Task instructions |
Return the run of lines below that opens with the line containing "FILE_DESCRIPTION(('STEP AP214'),'2;1');" and closes with the line containing "#10=(LENGTH_UNIT() NAMED_UNIT(*) SI_UNIT(.MILLI.,.METRE.));", keeping each one exact.

[[ Records supplied open ]]

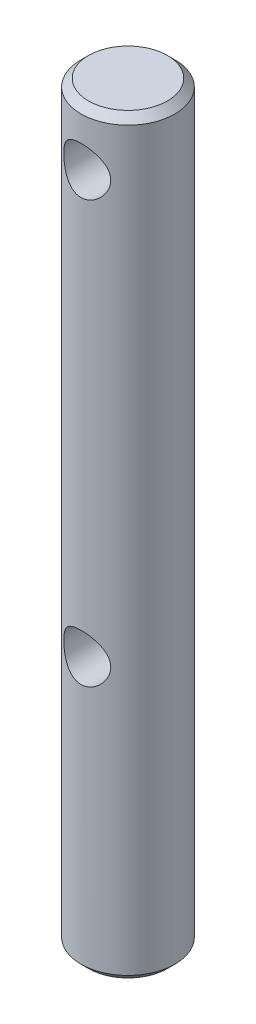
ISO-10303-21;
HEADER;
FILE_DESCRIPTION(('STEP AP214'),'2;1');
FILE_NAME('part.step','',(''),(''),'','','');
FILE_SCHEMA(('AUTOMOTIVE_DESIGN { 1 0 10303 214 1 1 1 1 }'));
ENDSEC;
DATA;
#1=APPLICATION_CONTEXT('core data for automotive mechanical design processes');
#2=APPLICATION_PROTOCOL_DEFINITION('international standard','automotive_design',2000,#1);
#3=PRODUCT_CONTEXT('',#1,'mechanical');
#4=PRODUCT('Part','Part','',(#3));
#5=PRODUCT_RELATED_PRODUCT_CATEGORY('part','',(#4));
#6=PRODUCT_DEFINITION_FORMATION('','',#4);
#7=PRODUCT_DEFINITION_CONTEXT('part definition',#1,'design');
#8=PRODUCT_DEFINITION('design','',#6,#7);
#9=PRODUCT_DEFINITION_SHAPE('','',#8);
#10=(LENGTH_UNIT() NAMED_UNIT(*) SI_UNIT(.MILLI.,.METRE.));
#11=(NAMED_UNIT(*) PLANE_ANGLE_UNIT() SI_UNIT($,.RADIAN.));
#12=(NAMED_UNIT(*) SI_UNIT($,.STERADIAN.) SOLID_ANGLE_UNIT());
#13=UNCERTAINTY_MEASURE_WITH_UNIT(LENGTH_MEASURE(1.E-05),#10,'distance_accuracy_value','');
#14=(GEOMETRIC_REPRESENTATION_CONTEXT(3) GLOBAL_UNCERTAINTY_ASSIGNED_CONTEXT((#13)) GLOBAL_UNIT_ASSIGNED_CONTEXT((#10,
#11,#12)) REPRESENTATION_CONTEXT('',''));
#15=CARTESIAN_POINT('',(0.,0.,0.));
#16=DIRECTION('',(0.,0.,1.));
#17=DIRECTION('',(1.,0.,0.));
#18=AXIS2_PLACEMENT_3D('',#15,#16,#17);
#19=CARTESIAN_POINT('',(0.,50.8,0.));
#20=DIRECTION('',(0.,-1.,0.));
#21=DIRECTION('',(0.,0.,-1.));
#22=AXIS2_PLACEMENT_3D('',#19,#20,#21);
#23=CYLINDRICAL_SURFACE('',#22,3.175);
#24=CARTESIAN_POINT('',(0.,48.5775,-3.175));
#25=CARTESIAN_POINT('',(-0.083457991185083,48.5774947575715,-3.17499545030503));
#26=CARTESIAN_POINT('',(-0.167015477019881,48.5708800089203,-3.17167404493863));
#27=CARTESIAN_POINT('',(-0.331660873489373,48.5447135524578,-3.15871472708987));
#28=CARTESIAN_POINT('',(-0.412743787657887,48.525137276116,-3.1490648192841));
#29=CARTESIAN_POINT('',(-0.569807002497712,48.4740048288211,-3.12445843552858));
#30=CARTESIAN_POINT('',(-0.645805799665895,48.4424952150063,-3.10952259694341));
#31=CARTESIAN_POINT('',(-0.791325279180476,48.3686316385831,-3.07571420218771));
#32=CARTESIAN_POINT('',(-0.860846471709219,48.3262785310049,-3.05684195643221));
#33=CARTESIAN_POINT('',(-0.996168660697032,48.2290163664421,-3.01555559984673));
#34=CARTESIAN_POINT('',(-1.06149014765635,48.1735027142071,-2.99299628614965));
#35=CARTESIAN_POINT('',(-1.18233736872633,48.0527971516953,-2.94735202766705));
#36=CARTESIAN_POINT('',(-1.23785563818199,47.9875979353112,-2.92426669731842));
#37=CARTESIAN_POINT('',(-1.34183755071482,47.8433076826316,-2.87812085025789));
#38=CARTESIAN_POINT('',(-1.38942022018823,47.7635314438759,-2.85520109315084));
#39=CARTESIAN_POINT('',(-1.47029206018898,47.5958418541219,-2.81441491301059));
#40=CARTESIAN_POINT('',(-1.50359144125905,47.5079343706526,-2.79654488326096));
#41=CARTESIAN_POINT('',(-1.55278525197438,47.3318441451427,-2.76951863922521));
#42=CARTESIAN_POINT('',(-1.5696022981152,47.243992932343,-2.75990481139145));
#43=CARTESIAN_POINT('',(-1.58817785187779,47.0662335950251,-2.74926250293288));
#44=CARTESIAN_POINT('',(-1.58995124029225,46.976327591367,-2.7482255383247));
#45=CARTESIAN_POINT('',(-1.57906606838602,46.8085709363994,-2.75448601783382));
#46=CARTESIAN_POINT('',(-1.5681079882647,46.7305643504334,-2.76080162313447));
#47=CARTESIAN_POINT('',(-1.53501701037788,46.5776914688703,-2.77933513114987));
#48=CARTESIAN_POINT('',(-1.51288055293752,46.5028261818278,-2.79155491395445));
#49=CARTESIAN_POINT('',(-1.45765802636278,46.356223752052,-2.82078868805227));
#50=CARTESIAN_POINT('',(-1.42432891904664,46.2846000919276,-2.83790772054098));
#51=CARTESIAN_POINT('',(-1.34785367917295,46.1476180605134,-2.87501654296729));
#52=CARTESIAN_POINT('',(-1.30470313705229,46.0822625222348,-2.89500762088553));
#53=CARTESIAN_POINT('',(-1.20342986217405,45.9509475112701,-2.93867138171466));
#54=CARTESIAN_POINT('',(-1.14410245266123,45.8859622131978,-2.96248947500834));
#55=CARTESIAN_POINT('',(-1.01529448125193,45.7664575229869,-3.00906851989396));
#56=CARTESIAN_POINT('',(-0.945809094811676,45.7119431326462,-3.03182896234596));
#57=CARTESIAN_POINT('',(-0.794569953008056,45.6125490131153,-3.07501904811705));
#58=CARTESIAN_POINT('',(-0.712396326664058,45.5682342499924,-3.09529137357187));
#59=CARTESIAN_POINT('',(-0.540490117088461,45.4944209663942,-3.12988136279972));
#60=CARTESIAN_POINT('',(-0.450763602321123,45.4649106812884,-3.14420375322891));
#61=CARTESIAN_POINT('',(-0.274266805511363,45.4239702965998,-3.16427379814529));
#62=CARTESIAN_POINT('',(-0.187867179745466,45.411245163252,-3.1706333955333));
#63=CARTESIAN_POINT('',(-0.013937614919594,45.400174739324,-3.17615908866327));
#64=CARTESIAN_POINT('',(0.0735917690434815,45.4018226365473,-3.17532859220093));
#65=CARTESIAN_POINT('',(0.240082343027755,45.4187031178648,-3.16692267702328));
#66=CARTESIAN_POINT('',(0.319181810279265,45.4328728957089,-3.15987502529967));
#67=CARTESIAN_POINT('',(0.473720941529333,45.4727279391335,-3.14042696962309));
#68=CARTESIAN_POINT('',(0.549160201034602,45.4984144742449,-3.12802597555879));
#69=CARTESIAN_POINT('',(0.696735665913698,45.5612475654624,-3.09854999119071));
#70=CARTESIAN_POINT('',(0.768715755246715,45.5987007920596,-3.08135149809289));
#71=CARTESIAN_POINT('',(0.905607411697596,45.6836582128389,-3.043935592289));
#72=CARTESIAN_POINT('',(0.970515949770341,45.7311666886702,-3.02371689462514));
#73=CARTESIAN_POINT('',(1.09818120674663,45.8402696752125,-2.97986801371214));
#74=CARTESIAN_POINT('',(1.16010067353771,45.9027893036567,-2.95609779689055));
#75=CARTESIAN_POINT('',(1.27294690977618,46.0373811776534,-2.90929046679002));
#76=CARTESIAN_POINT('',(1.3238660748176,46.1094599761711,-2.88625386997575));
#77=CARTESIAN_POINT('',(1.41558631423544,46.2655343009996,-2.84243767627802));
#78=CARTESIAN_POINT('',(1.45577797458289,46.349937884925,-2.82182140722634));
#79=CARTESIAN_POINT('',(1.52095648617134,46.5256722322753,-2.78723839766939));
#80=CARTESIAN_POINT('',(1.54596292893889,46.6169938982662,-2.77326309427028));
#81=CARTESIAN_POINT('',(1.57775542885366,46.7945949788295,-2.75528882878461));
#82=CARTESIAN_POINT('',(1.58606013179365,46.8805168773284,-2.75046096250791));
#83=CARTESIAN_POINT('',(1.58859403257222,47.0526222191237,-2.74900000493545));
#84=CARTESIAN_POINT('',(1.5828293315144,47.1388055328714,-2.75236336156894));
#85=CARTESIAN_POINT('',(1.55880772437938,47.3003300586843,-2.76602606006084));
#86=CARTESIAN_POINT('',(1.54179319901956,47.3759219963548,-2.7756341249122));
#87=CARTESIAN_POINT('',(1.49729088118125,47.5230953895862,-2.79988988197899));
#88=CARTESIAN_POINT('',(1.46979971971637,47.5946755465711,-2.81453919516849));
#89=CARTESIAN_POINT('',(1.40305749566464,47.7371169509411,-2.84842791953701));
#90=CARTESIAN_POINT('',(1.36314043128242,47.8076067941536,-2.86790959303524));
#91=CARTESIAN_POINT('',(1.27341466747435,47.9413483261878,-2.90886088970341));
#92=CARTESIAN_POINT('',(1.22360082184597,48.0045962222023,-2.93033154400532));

[[ Records supplied closed ]]

Completed exercise |
FILE_DESCRIPTION(('STEP AP214'),'2;1');
FILE_NAME('part.step','',(''),(''),'','','');
FILE_SCHEMA(('AUTOMOTIVE_DESIGN { 1 0 10303 214 1 1 1 1 }'));
ENDSEC;
DATA;
#1=APPLICATION_CONTEXT('core data for automotive mechanical design processes');
#2=APPLICATION_PROTOCOL_DEFINITION('international standard','automotive_design',2000,#1);
#3=PRODUCT_CONTEXT('',#1,'mechanical');
#4=PRODUCT('Part','Part','',(#3));
#5=PRODUCT_RELATED_PRODUCT_CATEGORY('part','',(#4));
#6=PRODUCT_DEFINITION_FORMATION('','',#4);
#7=PRODUCT_DEFINITION_CONTEXT('part definition',#1,'design');
#8=PRODUCT_DEFINITION('design','',#6,#7);
#9=PRODUCT_DEFINITION_SHAPE('','',#8);
#10=(LENGTH_UNIT() NAMED_UNIT(*) SI_UNIT(.MILLI.,.METRE.));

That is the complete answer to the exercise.